Use different schemas for snapshots: This practice simplifies the differentiation between snapshot tables and other table types within your data warehouse.

Conclusion

dbt snapshot is an important feature that allows you to record changes within your data as it evolves. It simplifies the process of creating and maintaining SCD Type-2 tables.

Interested in leveraging dbt snapshots for your data management needs?

Reach out to phData today and discover how our expertise can streamline your data pipelines, making them more efficient and effective.

FAQs

Is a change in data type for a source field considered in the dbt snapshot?

After creating a snapshot table on a source model, if any changes in the column datatypes of an existing snapshot table, dbt will not change the type of a column beyond expanding the size of varchar columns.

Is it possible to create a custom snapshot strategy?

Yes, we can create a customized snapshot strategy. Kindly refer to the dbt documentation for more details.

What happens if the snapshot job does not run daily?

If the snapshot job doesn't run daily as intended, the snapshots will become outdated.
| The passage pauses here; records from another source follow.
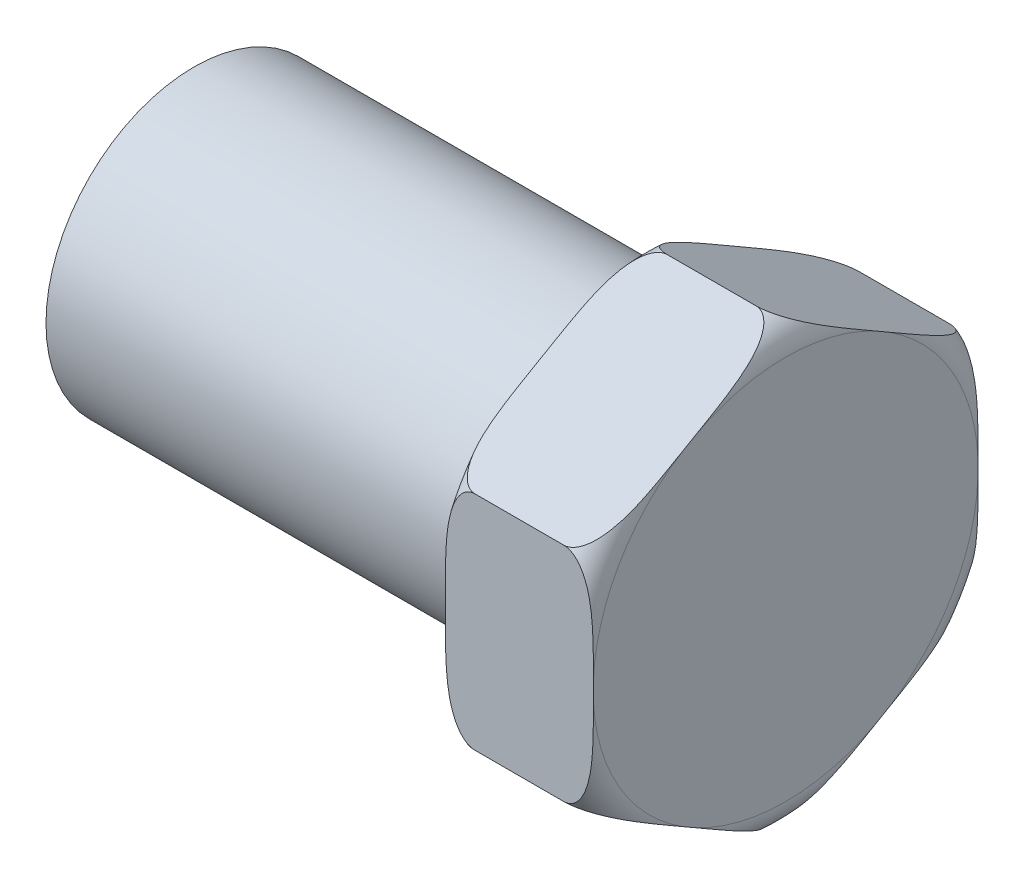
ISO-10303-21;
HEADER;
FILE_DESCRIPTION(('STEP AP214'),'2;1');
FILE_NAME('part.step','',(''),(''),'','','');
FILE_SCHEMA(('AUTOMOTIVE_DESIGN { 1 0 10303 214 1 1 1 1 }'));
ENDSEC;
DATA;
#1=APPLICATION_CONTEXT('core data for automotive mechanical design processes');
#2=APPLICATION_PROTOCOL_DEFINITION('international standard','automotive_design',2000,#1);
#3=PRODUCT_CONTEXT('',#1,'mechanical');
#4=PRODUCT('Part','Part','',(#3));
#5=PRODUCT_RELATED_PRODUCT_CATEGORY('part','',(#4));
#6=PRODUCT_DEFINITION_FORMATION('','',#4);
#7=PRODUCT_DEFINITION_CONTEXT('part definition',#1,'design');
#8=PRODUCT_DEFINITION('design','',#6,#7);
#9=PRODUCT_DEFINITION_SHAPE('','',#8);
#10=(LENGTH_UNIT() NAMED_UNIT(*) SI_UNIT(.MILLI.,.METRE.));
#11=(NAMED_UNIT(*) PLANE_ANGLE_UNIT() SI_UNIT($,.RADIAN.));
#12=(NAMED_UNIT(*) SI_UNIT($,.STERADIAN.) SOLID_ANGLE_UNIT());
#13=UNCERTAINTY_MEASURE_WITH_UNIT(LENGTH_MEASURE(1.E-05),#10,'distance_accuracy_value','');
#14=(GEOMETRIC_REPRESENTATION_CONTEXT(3) GLOBAL_UNCERTAINTY_ASSIGNED_CONTEXT((#13)) GLOBAL_UNIT_ASSIGNED_CONTEXT((#10,
#11,#12)) REPRESENTATION_CONTEXT('',''));
#15=CARTESIAN_POINT('',(0.,0.,0.));
#16=DIRECTION('',(0.,0.,1.));
#17=DIRECTION('',(1.,0.,0.));
#18=AXIS2_PLACEMENT_3D('',#15,#16,#17);
#19=CARTESIAN_POINT('',(6.35,1.19150661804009,-2.06375));
#20=DIRECTION('',(0.,-0.866025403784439,0.5));
#21=DIRECTION('',(0.,-0.5,-0.866025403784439));
#22=AXIS2_PLACEMENT_3D('',#19,#20,#21);
#23=PLANE('',#22);
#24=CARTESIAN_POINT('',(6.0323,1.19150668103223,-2.06374989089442));
#25=CARTESIAN_POINT('',(6.04180616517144,1.19148955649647,-2.0637795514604));
#26=CARTESIAN_POINT('',(6.05128967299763,1.19192096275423,-2.06303233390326));
#27=CARTESIAN_POINT('',(6.06989153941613,1.19358437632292,-2.06015121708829));
#28=CARTESIAN_POINT('',(6.07901232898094,1.19480949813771,-2.05802924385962));
#29=CARTESIAN_POINT('',(6.09671497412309,1.19796226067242,-2.0525684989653));
#30=CARTESIAN_POINT('',(6.10529826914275,1.19988792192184,-2.04923315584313));
#31=CARTESIAN_POINT('',(6.1218555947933,1.20432015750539,-2.0415562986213));
#32=CARTESIAN_POINT('',(6.12982819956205,1.20682803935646,-2.03721251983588));
#33=CARTESIAN_POINT('',(6.1501296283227,1.21410657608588,-2.02460572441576));
#34=CARTESIAN_POINT('',(6.1618785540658,1.2192812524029,-2.01564292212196));
#35=CARTESIAN_POINT('',(6.18363675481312,1.23047282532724,-1.9962585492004));
#36=CARTESIAN_POINT('',(6.19364119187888,1.23649198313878,-1.98583306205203));
#37=CARTESIAN_POINT('',(6.218872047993,1.25367920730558,-1.95606391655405));
#38=CARTESIAN_POINT('',(6.23258099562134,1.26539908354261,-1.9357644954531));
#39=CARTESIAN_POINT('',(6.25653664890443,1.28967172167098,-1.89372305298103));
#40=CARTESIAN_POINT('',(6.26677546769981,1.3022263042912,-1.87197787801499));
#41=CARTESIAN_POINT('',(6.28824001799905,1.33294981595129,-1.81876319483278));
#42=CARTESIAN_POINT('',(6.29819222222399,1.35133714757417,-1.78691540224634));
#43=CARTESIAN_POINT('',(6.31454014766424,1.38851431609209,-1.72252265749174));
#44=CARTESIAN_POINT('',(6.32092766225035,1.40730497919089,-1.68997627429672));
#45=CARTESIAN_POINT('',(6.33122232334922,1.44513732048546,-1.62444873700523));
#46=CARTESIAN_POINT('',(6.33511775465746,1.46417976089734,-1.59146626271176));
#47=CARTESIAN_POINT('',(6.34118000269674,1.50233501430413,-1.52537942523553));
#48=CARTESIAN_POINT('',(6.34334611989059,1.52144785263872,-1.49227501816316));
#49=CARTESIAN_POINT('',(6.34689022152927,1.56365866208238,-1.41916375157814));
#50=CARTESIAN_POINT('',(6.34801176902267,1.58676147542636,-1.37914850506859));
#51=CARTESIAN_POINT('',(6.34942296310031,1.63297705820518,-1.29910076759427));
#52=CARTESIAN_POINT('',(6.34971239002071,1.65608982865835,-1.2590682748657));
#53=CARTESIAN_POINT('',(6.35000151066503,1.70223730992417,-1.17913849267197));
#54=CARTESIAN_POINT('',(6.35000218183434,1.72527202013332,-1.13924120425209));
#55=CARTESIAN_POINT('',(6.34999754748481,1.77133920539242,-1.05945049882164));
#56=CARTESIAN_POINT('',(6.34999224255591,1.79437168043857,-1.01955708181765));
#57=CARTESIAN_POINT('',(6.35000761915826,1.8486068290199,-0.925619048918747));
#58=CARTESIAN_POINT('',(6.35003818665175,1.87980939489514,-0.871574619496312));
#59=CARTESIAN_POINT('',(6.34942719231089,1.94221872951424,-0.763478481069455));
#60=CARTESIAN_POINT('',(6.34878557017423,1.97342549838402,-0.709426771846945));
#61=CARTESIAN_POINT('',(6.3457954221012,2.025734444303,-0.618825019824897));
#62=CARTESIAN_POINT('',(6.34406543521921,2.04684335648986,-0.58226331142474));
#63=CARTESIAN_POINT('',(6.33881608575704,2.08904616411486,-0.509165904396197));
#64=CARTESIAN_POINT('',(6.33529350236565,2.110139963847,-0.472630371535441));
#65=CARTESIAN_POINT('',(6.32484719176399,2.15498835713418,-0.394950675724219));
#66=CARTESIAN_POINT('',(6.31753347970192,2.17872377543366,-0.353839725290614));
#67=CARTESIAN_POINT('',(6.30238643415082,2.21384530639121,-0.293007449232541));
#68=CARTESIAN_POINT('',(6.29665521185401,2.22545201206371,-0.27290404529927));
#69=CARTESIAN_POINT('',(6.28343200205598,2.24840800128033,-0.233143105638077));
#70=CARTESIAN_POINT('',(6.27594010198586,2.25975729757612,-0.21348554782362));
#71=CARTESIAN_POINT('',(6.25475971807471,2.28719823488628,-0.165956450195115));
#72=CARTESIAN_POINT('',(6.23980565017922,2.30307347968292,-0.138459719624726));
#73=CARTESIAN_POINT('',(6.21220549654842,2.3254103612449,-0.0997711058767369));
#74=CARTESIAN_POINT('',(6.20207760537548,2.33264365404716,-0.0872426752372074));
#75=CARTESIAN_POINT('',(6.17974681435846,2.34626603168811,-0.0636480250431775));
#76=CARTESIAN_POINT('',(6.16754949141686,2.35265730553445,-0.0525780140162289));
#77=CARTESIAN_POINT('',(6.14607933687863,2.36185617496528,-0.0366451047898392));
#78=CARTESIAN_POINT('',(6.1375336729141,2.36508661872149,-0.0310498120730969));
#79=CARTESIAN_POINT('',(6.11958516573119,2.37089384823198,-0.0209913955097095));
#80=CARTESIAN_POINT('',(6.11018291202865,2.37347107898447,-0.0165275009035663));
#81=CARTESIAN_POINT('',(6.09175167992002,2.37754492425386,-0.00947139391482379));
#82=CARTESIAN_POINT('',(6.082802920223,2.37913139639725,-0.0067235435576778));
#83=CARTESIAN_POINT('',(6.06450885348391,2.38152857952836,-0.00257150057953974));
#84=CARTESIAN_POINT('',(6.05516454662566,2.38234113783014,-0.00116410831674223));
#85=CARTESIAN_POINT('',(6.04128093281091,2.38292431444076,-0.000154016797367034));
#86=CARTESIAN_POINT('',(6.03678961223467,2.38301780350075,7.91100448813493E-06));
#87=CARTESIAN_POINT('',(6.0323,2.38301317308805,-1.0910557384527E-07));
#88=B_SPLINE_CURVE_WITH_KNOTS('',3,(#24,#25,#26,#27,#28,#29,#30,#31,#32,#33,#34,#35,#36,#37,#38,
#39,#40,#41,#42,#43,#44,#45,#46,#47,#48,#49,#50,#51,#52,#53,#54,#55,#56,#57,#58,#59,#60,#61,#62,
#63,#64,#65,#66,#67,#68,#69,#70,#71,#72,#73,#74,#75,#76,#77,#78,#79,#80,#81,#82,#83,#84,#85,#86,
#87),.UNSPECIFIED.,.F.,.F.,(4,2,2,2,2,2,2,2,2,2,2,2,2,2,2,2,2,2,2,2,2,2,2,2,2,2,2,2,2,2,2,4),
(0.,0.0284406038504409,0.0566377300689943,0.0847557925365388,0.112937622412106,0.15963752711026,
0.20646495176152,0.287467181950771,0.368652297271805,0.482648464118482,0.596906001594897,
0.711696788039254,0.826533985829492,0.965175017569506,1.10385264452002,1.24206084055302,
1.38025539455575,1.5674728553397,1.75470711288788,1.88144093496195,2.00840327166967,
2.15224869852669,2.22391708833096,2.29558192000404,2.40016678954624,2.45301123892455,
2.50571547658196,2.53776538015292,2.56979339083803,2.59815972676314,2.62645818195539,
2.63992777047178),.UNSPECIFIED.);
#89=CARTESIAN_POINT('',(6.0325,1.19150661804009,-2.06375));
#90=VERTEX_POINT('',#89);
#91=CARTESIAN_POINT('',(6.35,1.74459593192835,-1.10577120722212));
#92=VERTEX_POINT('',#91);
#93=EDGE_CURVE('E290',#90,#92,#88,.T.);
#94=ORIENTED_EDGE('',*,*,#93,.F.);
#95=DIRECTION('',(-1.,0.,0.));
#96=VECTOR('',#95,1.);
#97=CARTESIAN_POINT('',(6.35,1.19150661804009,-2.06375));
#98=LINE('',#97,#96);
#99=CARTESIAN_POINT('',(5.08,1.19150661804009,-2.06375));
#100=VERTEX_POINT('',#99);
#101=EDGE_CURVE('E478',#90,#100,#98,.T.);
#102=ORIENTED_EDGE('',*,*,#101,.T.);
#103=CARTESIAN_POINT('',(5.0802,2.38301317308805,-1.09105577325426E-07));
#104=CARTESIAN_POINT('',(5.07069383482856,2.3830302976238,2.95514604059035E-05));
#105=CARTESIAN_POINT('',(5.06121032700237,2.38259889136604,-0.000717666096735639));
#106=CARTESIAN_POINT('',(5.04260846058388,2.38093547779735,-0.00359878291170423));
#107=CARTESIAN_POINT('',(5.03348767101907,2.37971035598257,-0.00572075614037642));
#108=CARTESIAN_POINT('',(5.01578502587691,2.37655759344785,-0.0111815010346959));
#109=CARTESIAN_POINT('',(5.00720173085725,2.37463193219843,-0.0145168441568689));
#110=CARTESIAN_POINT('',(4.9906444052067,2.37019969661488,-0.0221937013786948));
#111=CARTESIAN_POINT('',(4.98267180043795,2.36769181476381,-0.0265374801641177));
#112=CARTESIAN_POINT('',(4.9623703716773,2.36041327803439,-0.0391442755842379));
#113=CARTESIAN_POINT('',(4.95062144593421,2.35523860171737,-0.0481070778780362));
#114=CARTESIAN_POINT('',(4.92886324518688,2.34404702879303,-0.0674914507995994));
#115=CARTESIAN_POINT('',(4.91885880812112,2.33802787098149,-0.077916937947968));
#116=CARTESIAN_POINT('',(4.893627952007,2.32084064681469,-0.107686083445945));
#117=CARTESIAN_POINT('',(4.87991900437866,2.30912077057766,-0.127985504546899));
#118=CARTESIAN_POINT('',(4.85596335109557,2.28484813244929,-0.170026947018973));
#119=CARTESIAN_POINT('',(4.8457245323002,2.27229354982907,-0.191772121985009));
#120=CARTESIAN_POINT('',(4.82425998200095,2.24157003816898,-0.244986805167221));
#121=CARTESIAN_POINT('',(4.81430777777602,2.2231827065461,-0.276834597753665));
#122=CARTESIAN_POINT('',(4.79795985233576,2.18600553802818,-0.34122734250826));
#123=CARTESIAN_POINT('',(4.79157233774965,2.16721487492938,-0.373773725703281));
#124=CARTESIAN_POINT('',(4.78127767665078,2.12938253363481,-0.439301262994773));
#125=CARTESIAN_POINT('',(4.77738224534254,2.11034009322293,-0.472283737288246));
#126=CARTESIAN_POINT('',(4.77131999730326,2.07218483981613,-0.53837057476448));
#127=CARTESIAN_POINT('',(4.76915388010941,2.05307200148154,-0.571474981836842));
#128=CARTESIAN_POINT('',(4.76560977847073,2.01086119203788,-0.644586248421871));
#129=CARTESIAN_POINT('',(4.76448823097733,1.98775837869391,-0.684601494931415));
#130=CARTESIAN_POINT('',(4.76307703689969,1.94154279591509,-0.764649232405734));
#131=CARTESIAN_POINT('',(4.76278760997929,1.91843002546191,-0.80468172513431));
#132=CARTESIAN_POINT('',(4.76249848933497,1.8722825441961,-0.884611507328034));
#133=CARTESIAN_POINT('',(4.76249781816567,1.84924783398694,-0.924508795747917));
#134=CARTESIAN_POINT('',(4.76250245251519,1.80318064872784,-1.00429950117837));
#135=CARTESIAN_POINT('',(4.76250775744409,1.7801481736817,-1.04419291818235));
#136=CARTESIAN_POINT('',(4.76249238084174,1.72591302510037,-1.13813095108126));
#137=CARTESIAN_POINT('',(4.76246181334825,1.69471045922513,-1.1921753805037));
#138=CARTESIAN_POINT('',(4.76307280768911,1.63230112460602,-1.30027151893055));
#139=CARTESIAN_POINT('',(4.76371442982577,1.60109435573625,-1.35432322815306));
#140=CARTESIAN_POINT('',(4.76670457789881,1.54878540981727,-1.44492498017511));
#141=CARTESIAN_POINT('',(4.76843456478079,1.5276764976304,-1.48148668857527));
#142=CARTESIAN_POINT('',(4.77368391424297,1.48547369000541,-1.55458409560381));
#143=CARTESIAN_POINT('',(4.77720649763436,1.46437989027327,-1.59111962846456));
#144=CARTESIAN_POINT('',(4.78765280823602,1.41953149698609,-1.66879932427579));
#145=CARTESIAN_POINT('',(4.79496652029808,1.39579607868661,-1.70991027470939));
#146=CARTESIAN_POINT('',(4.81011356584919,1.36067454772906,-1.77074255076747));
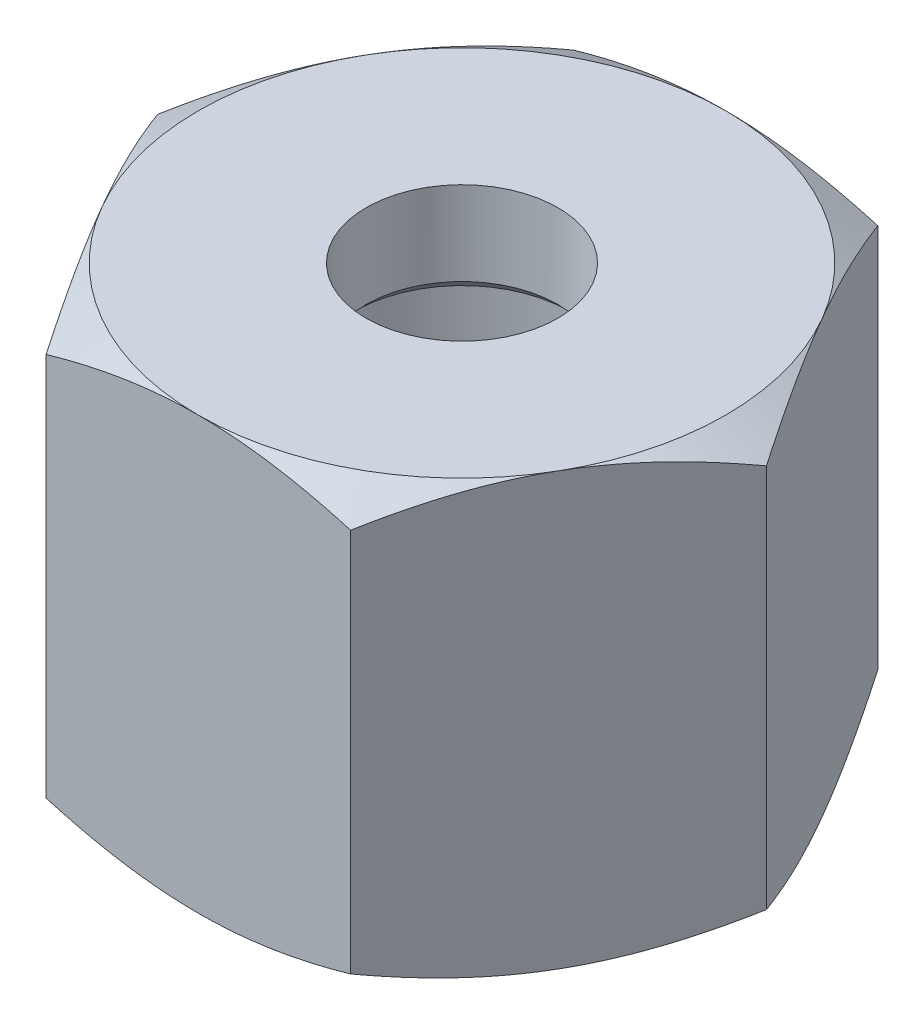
from build123d import *

# Parameters (mm, degrees)
P_IDAT_VYSUNUT_M1_DEPTH  = 18
SKICA2_OUTSIDE_W         = 38.492
SKICA2_OUTSIDE_H         = 35.088
SKICA2_OUTSIDE_R         = 11
ODEBRAT_VYSUNUT_M1_DEPTH = 1
ODEBRAT_VYSUNUT_M1_DRAFT = -60
SKICA3_OUTSIDE_W         = 38.492
SKICA3_OUTSIDE_H         = 35.088
SKICA3_OUTSIDE_R         = 11
ODEBRAT_VYSUNUT_M2_DEPTH = 1
ODEBRAT_VYSUNUT_M2_DRAFT = -60
SKICA4_R                 = 7.75
ODEBRAT_VYSUNUT_M3_DEPTH = 14
ZKOSEN_2_SIZE            = 0.35
ODEBRAT_VYSUNUT_M4_REACH = 26.624
SKICA5_R                 = 4
ZKOSEN_3_SIZE            = 0.5


with BuildPart() as part:
    # Skica1 → P_idat vysunut_m1 (new body)
    with BuildSketch(Plane(origin=(0, 0, 0), x_dir=(1, 0, 0), z_dir=(0, 1, 0))):
        Polygon((12.701705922, 0), (6.350852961, 11), (-6.350852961, 11), (-12.701705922, 0), (-6.350852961, -11), (6.350852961, -11), align=None)
    extrude(amount=P_IDAT_VYSUNUT_M1_DEPTH)


with BuildPart() as odebrat_vysunut_m1_tool:
    # Skica2 outside → Odebrat vysunut_m1 (with draft: the straight prism first)
    with BuildSketch(Plane(origin=(0, 18, 0), x_dir=(1, 0, 0), z_dir=(0, 1, 0))):
        Rectangle(SKICA2_OUTSIDE_W, SKICA2_OUTSIDE_H)
        Circle(SKICA2_OUTSIDE_R, mode=Mode.SUBTRACT)
    extrude(amount=-ODEBRAT_VYSUNUT_M1_DEPTH)
    # Odebrat vysunut_m1: the draft: its side faces are tilted about the plane it starts from
    odebrat_vysunut_m1_sides = [odebrat_vysunut_m1_tool.faces().sort_by_distance(p)[0] for p in [
        (0, 17.5, 17.544),
        (19.246, 17.5, 0),
        (0, 17.5, -17.544),
        (-19.246, 17.5, 0),
        (-11, 17.5, 0),
    ]]
    draft(odebrat_vysunut_m1_sides, Plane(origin=(0, 18, 0), x_dir=(1, 0, 0), z_dir=(0, 1, 0)), ODEBRAT_VYSUNUT_M1_DRAFT)


with BuildPart() as part_1:
    add(part.part)

    # Odebrat vysunut_m1: cut by odebrat_vysunut_m1_tool
    add(odebrat_vysunut_m1_tool.part, mode=Mode.SUBTRACT)


with BuildPart() as odebrat_vysunut_m2_tool:
    # Skica3 outside → Odebrat vysunut_m2 (with draft: the straight prism first)
    with BuildSketch(Plane.XZ):
        Rectangle(SKICA3_OUTSIDE_W, SKICA3_OUTSIDE_H)
        Circle(SKICA3_OUTSIDE_R, mode=Mode.SUBTRACT)
    extrude(amount=-ODEBRAT_VYSUNUT_M2_DEPTH)
    # Odebrat vysunut_m2: the draft: its side faces are tilted about the plane it starts from
    odebrat_vysunut_m2_sides = [odebrat_vysunut_m2_tool.faces().sort_by_distance(p)[0] for p in [
        (0, 0.5, -17.544),
        (19.246, 0.5, 0),
        (0, 0.5, 17.544),
        (-19.246, 0.5, 0),
        (-11, 0.5, 0),
    ]]
    draft(odebrat_vysunut_m2_sides, Plane.XZ, ODEBRAT_VYSUNUT_M2_DRAFT)


with BuildPart() as part_2:
    add(part_1.part)

    # Odebrat vysunut_m2: cut by odebrat_vysunut_m2_tool
    add(odebrat_vysunut_m2_tool.part, mode=Mode.SUBTRACT)

    # Skica4 → Odebrat vysunut_m3 (cut)
    with BuildSketch(Plane.XZ):
        with Locations(Location((0, 0, 0), (0, 0, 270))):
            Circle(SKICA4_R)
    extrude(amount=-ODEBRAT_VYSUNUT_M3_DEPTH, mode=Mode.SUBTRACT)

    # Zkosen_2
    zkosen_2_edges = [part_2.edges().sort_by_distance(p)[0] for p in [
        (0, 0, 7.75),
    ]]
    chamfer(zkosen_2_edges, length=ZKOSEN_2_SIZE)

    # Skica5 → Odebrat vysunut_m4 (cut, up to next)
    with BuildSketch(Plane(origin=(0, 18, 0), x_dir=(1, 0, 0), z_dir=(0, 1, 0)), mode=Mode.PRIVATE) as odebrat_vysunut_m4_sk1:
        with Locations(Location((0, 0, 0), (0, 0, 270))):
            Circle(SKICA5_R)
    odebrat_vysunut_m4_tool1 = extrude(odebrat_vysunut_m4_sk1.sketch, amount=-ODEBRAT_VYSUNUT_M4_REACH, mode=Mode.PRIVATE) & part_2.part
    add(odebrat_vysunut_m4_tool1.solids().sort_by_distance((0, 18, 0))[0], mode=Mode.SUBTRACT)

    # Zkosen_3
    zkosen_3_edges = [part_2.edges().sort_by_distance(p)[0] for p in [
        (0, 14, -4),
    ]]
    chamfer(zkosen_3_edges, length=ZKOSEN_3_SIZE)


solid = part_2.part

This might impact analytical queries or reporting that rely on up-to-date information. It can lead to incorrect insights or decisions based on stale data.

What happens when the snapshot job resumes after missing multiple scheduled runs?

This can create a significant backlog that needs to be addressed when the snapshot job resumes. It may need to process a larger volume of data than usual. This could potentially strain the system, leading to longer processing times or resource constraints.